Target_is_New - Issue #181
By Iskander Smit • Issue #181 • View online
Hi all. This was a crazy week. Still is. As I schedule this post end of Monday evening or so it might happen a lot when you read this on Tuesday. How important is everything? It is a feeling you probably all have. On the other hand; stopping everything is also not helpful, terminating normal life from a distance does not feel right too. There is of course also always discussion about how genuine these responses are, posting a flag or something on social media. I do not like to judge. If it helps to express something that is not possible in another form, then it is fine I think.
Should I say anything or remove this? I leave it for now. And I think I keep on living here, proceeding with my normal activities, and at the same time keep aware, donate something more, be open to real needs. And hope for the best…
Updates of last week
In between the news not many events to report from. I attended STRP scenarios on ‘Hybrid Infinities’ in the online space. A different tool this time: Ohyay. A kind of mix of Mibo and Spatialchat but more straightforward. And the makers did tune it nicely. Having all participants play a game with your mouse pointer felt a bit like these warming-up routines at (TEDx) conferences that you have to stand up in the room and be spontaneous with your neighbor; not my cup of tea normally but it worked ok this time.
The talks delivered nice art examples shaping the notion of hybrid infinities. For me, there was an extra hybrid layer watching from the couch. I did not take notes, just experienced the examples :)
The works of Leo Scarin showed for instance his project where he merged reality in the virtual space; having to add real touch sensations to the things so experienced in the VR: “Variations in a Remote Room”. It plays with the physical experience depending on virtual behavior; what will that do for your experience?
The session of Radicle Civics can be rewatched here. The first 25 minutes have the presentation of Indy Johar.
If you are into Stephen Wolfram, you might think this a nice conversation on his physics project diving aspects like “Universality, the Principle of Computational Equivalence, and undecidability” and more.
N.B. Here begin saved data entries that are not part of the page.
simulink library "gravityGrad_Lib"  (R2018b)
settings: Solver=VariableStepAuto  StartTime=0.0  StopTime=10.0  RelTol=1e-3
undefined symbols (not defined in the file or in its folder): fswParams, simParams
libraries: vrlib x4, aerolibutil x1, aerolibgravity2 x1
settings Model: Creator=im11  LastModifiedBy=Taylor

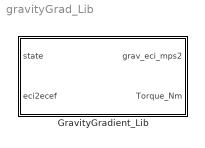
== system gravityGrad_Lib ==
  "GravityGradient_Lib " : Subsystem

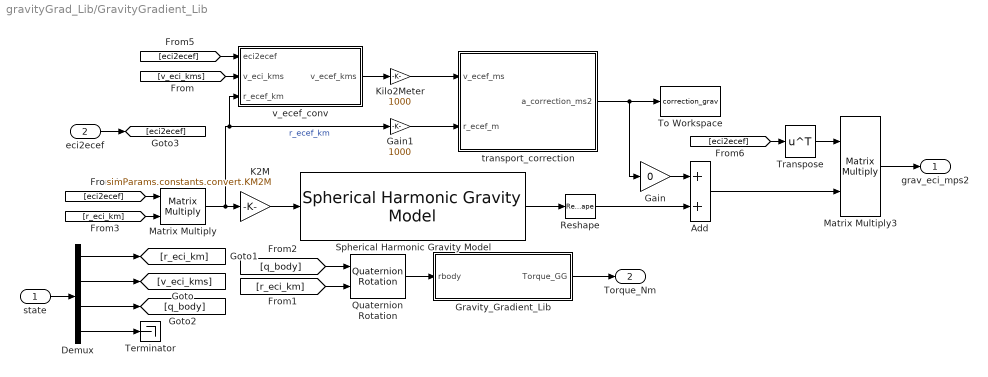
== system gravityGrad_Lib/GravityGradient_Lib  ==
  state : Inport
  "eci2ecef " : Inport  Port=2
  Add : Sum
  Demux : Demux  Outputs=[3 3 4 3]
  Gain : Gain  Gain=0
  Gain1 : Gain  Gain=1000
  "Gravity_Gradient_Lib " : MATLAB Function  TreatAsAtomicUnit=on
  "K2M " : Gain  Gain=simParams.constants.convert.KM2M
  "Kilo2Meter " : Gain  Gain=1000
  Matrix Multiply : Product  Multiplication=Matrix(*)
  Matrix Multiply3 : Product  Multiplication=Matrix(*)
  Quaternion Rotation : aerolibutil/Quaternion Rotation
  Reshape : Reshape  OutputDimensionality=Customize  OutputDimensions=3
  Spherical Harmonic Gravity Model : aerolibgravity2/Spherical Harmonic Gravity Model  units=Metric (MKS)  degree=40  action=Warning  ptype=EGM2008  datafile='aerogmm2b.mat'
      settings: SourceProductName=Aerospace Blockset  SourceProductBaseCode=AE
  Terminator : Terminator
  To Workspace : ToWorkspace  VariableName=correction_grav  SaveFormat=Timeseries  SampleTime=-1
  Transpose : Math  Operator=transpose  SaturateOnIntegerOverflow=on
  transport_correction : Subsystem
  v_ecef_conv : Subsystem
  grav_eci_mps2 : Outport
  Torque_Nm : Outport  Port=2
  wires:
  "Gravity_Gradient_Lib "/1(Torque_GG) -> Torque_Nm/1
  "K2M "/1 -> Spherical Harmonic Gravity Model/1
  [eci2ecef] -> v_ecef_conv/1(eci2ecef)
  v_ecef_conv/1(v_ecef_kms) -> "Kilo2Meter "/1
  [r_eci_km] -> Quaternion Rotation/2
  [v_eci_kms] -> v_ecef_conv/2(v_eci_kms)
  "eci2ecef "/1 -> [eci2ecef]
  Matrix Multiply3/1 -> grav_eci_mps2/1
  Demux/2 -> [v_eci_kms]
  [eci2ecef] -> Transpose/1
  [q_body] -> Quaternion Rotation/1
  [eci2ecef] -> Matrix Multiply/1
  Quaternion Rotation/1 -> "Gravity_Gradient_Lib "/1(rbody)
  Transpose/1 -> Matrix Multiply3/1
  state/1 -> Demux/1
  Demux/1 -> [r_eci_km]
  "Kilo2Meter "/1 -> transport_correction/1(v_ecef_ms)
  Gain1/1 -> transport_correction/2(r_ecef_m)
  Demux/4 -> Terminator/1
  [r_eci_km] -> Matrix Multiply/2
  Demux/3 -> [q_body]
  Matrix Multiply/1 -> Gain1/1, v_ecef_conv/3(r_ecef_km), "K2M "/1  "r_ecef_km"
  transport_correction/1(a_correction_ms2) -> To Workspace/1, Gain/1
  Reshape/1 -> Add/2
  Spherical Harmonic Gravity Model/1 -> Reshape/1
  Add/1 -> Matrix Multiply3/2
  Gain/1 -> Add/1

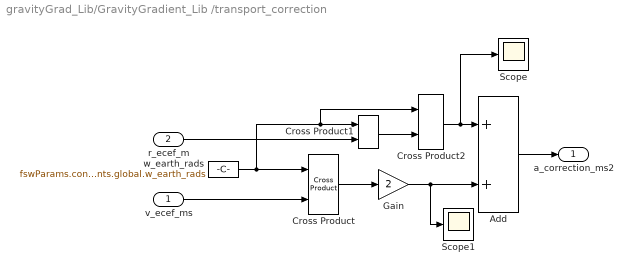
== system gravityGrad_Lib/GravityGradient_Lib /transport_correction ==
  v_ecef_ms : Inport
  r_ecef_m : Inport  Port=2
  Add : Sum
  Cross Product : vrlib/Utilities/Cross Product
      settings: SourceProductBaseCode=VR
  Cross Product1 : vrlib/Utilities/Cross Product
      settings: SourceProductBaseCode=VR
  Cross Product2 : vrlib/Utilities/Cross Product
      settings: SourceProductBaseCode=VR
  Gain : Gain  Gain=2
  Scope : Scope
  Scope1 : Scope
  w_earth_rads : Constant  Value=fswParams.constants.global.w_earth_rads
  a_correction_ms2 : Outport
  wires:
  Gain/1 -> Add/2, Scope1/1
  Add/1 -> a_correction_ms2/1
  w_earth_rads/1 -> Cross Product1/1, Cross Product2/1, Cross Product/1
  Cross Product1/1 -> Cross Product2/2
  r_ecef_m/1 -> Cross Product1/2
  v_ecef_ms/1 -> Cross Product/2
  Cross Product/1 -> Gain/1
  Cross Product2/1 -> Add/1, Scope/1

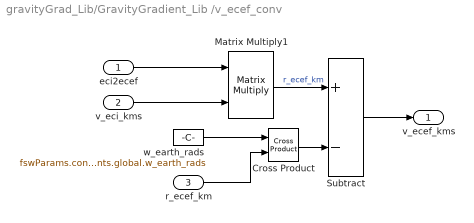
== system gravityGrad_Lib/GravityGradient_Lib /v_ecef_conv ==
  eci2ecef : Inport
  v_eci_kms : Inport  Port=2
  r_ecef_km : Inport  Port=3
  Cross Product : vrlib/Utilities/Cross Product
      settings: SourceProductBaseCode=VR
  Matrix Multiply1 : Product  Multiplication=Matrix(*)
  Subtract : Sum  Inputs=+-
  w_earth_rads : Constant  Value=fswParams.constants.global.w_earth_rads
  v_ecef_kms : Outport
  wires:
  w_earth_rads/1 -> Cross Product/1
  v_eci_kms/1 -> Matrix Multiply1/2
  eci2ecef/1 -> Matrix Multiply1/1
  Cross Product/1 -> Subtract/2
  Subtract/1 -> v_ecef_kms/1
  r_ecef_km/1 -> Cross Product/2
  Matrix Multiply1/1 -> Subtract/1  "r_ecef_km"

== matlab function gravityGrad_Lib/GravityGradient_Lib /Gravity_Gradient_Lib  ==
  data: rbody input; Torque_GG output; simParams parameter
function Torque_GG   = GravityG(rbody,simParams)
%r_body is the position vector in the body frame of the CubeSat
%J is the moment of inertia
%q is the unit quaternion 
%This will output the gravity gradient torques from the initial position

J = simParams.scParams.J;

rbody = rbody*1000; %converting to meters

mu = 3.986004418e14; % in m^3/s^2
Ro = sqrt(rbody(1)^2+rbody(2)^2+rbody(3)^2);%in meters
L = 30e-2;%Longest length of CubeSat in meters

a   = rbody;
b   = J*rbody;
axb = skew(a)*b;

Torque_GG = 3*mu/(norm(a)^5)*axb;%N-m %Gravity Gradient Torques
%Force_GG = Torque_GG/L; %N


end

I also watched a presentation “Creativity in Multiplayer Mode Introducing Metalabels” by Yancey Strickler (one of the founders of Kickstarter) that I think is an interesting interaction/reflection on the discussion on DAOs. “Metalabels are groups of people using a common identity for a common purpose on public releases that manifest their point of view”. This is very near the idea of the Cities of Things Knowledge Hub concept (2nd paragraph)….
Plans for this week
Next to usual activities I am looking forward to the start of the students of HvA AAI minor (responsible AI) working on interactions with vocal things in the city.
I am invited to share thoughts on trends again for a class of students of the MILE program.
And I am looking forward to this workshop with Scott Smith and John Willshire. And also the AITech session with Kars Alfrink on his research to contestable AI. I mentioned his work in an earlier newsletter. Sensemaker AMS will have a DIY session in-person again.
News of the week
This week some new human-intellitech co-performance, autonomous driving, and the weekly Web3 critique.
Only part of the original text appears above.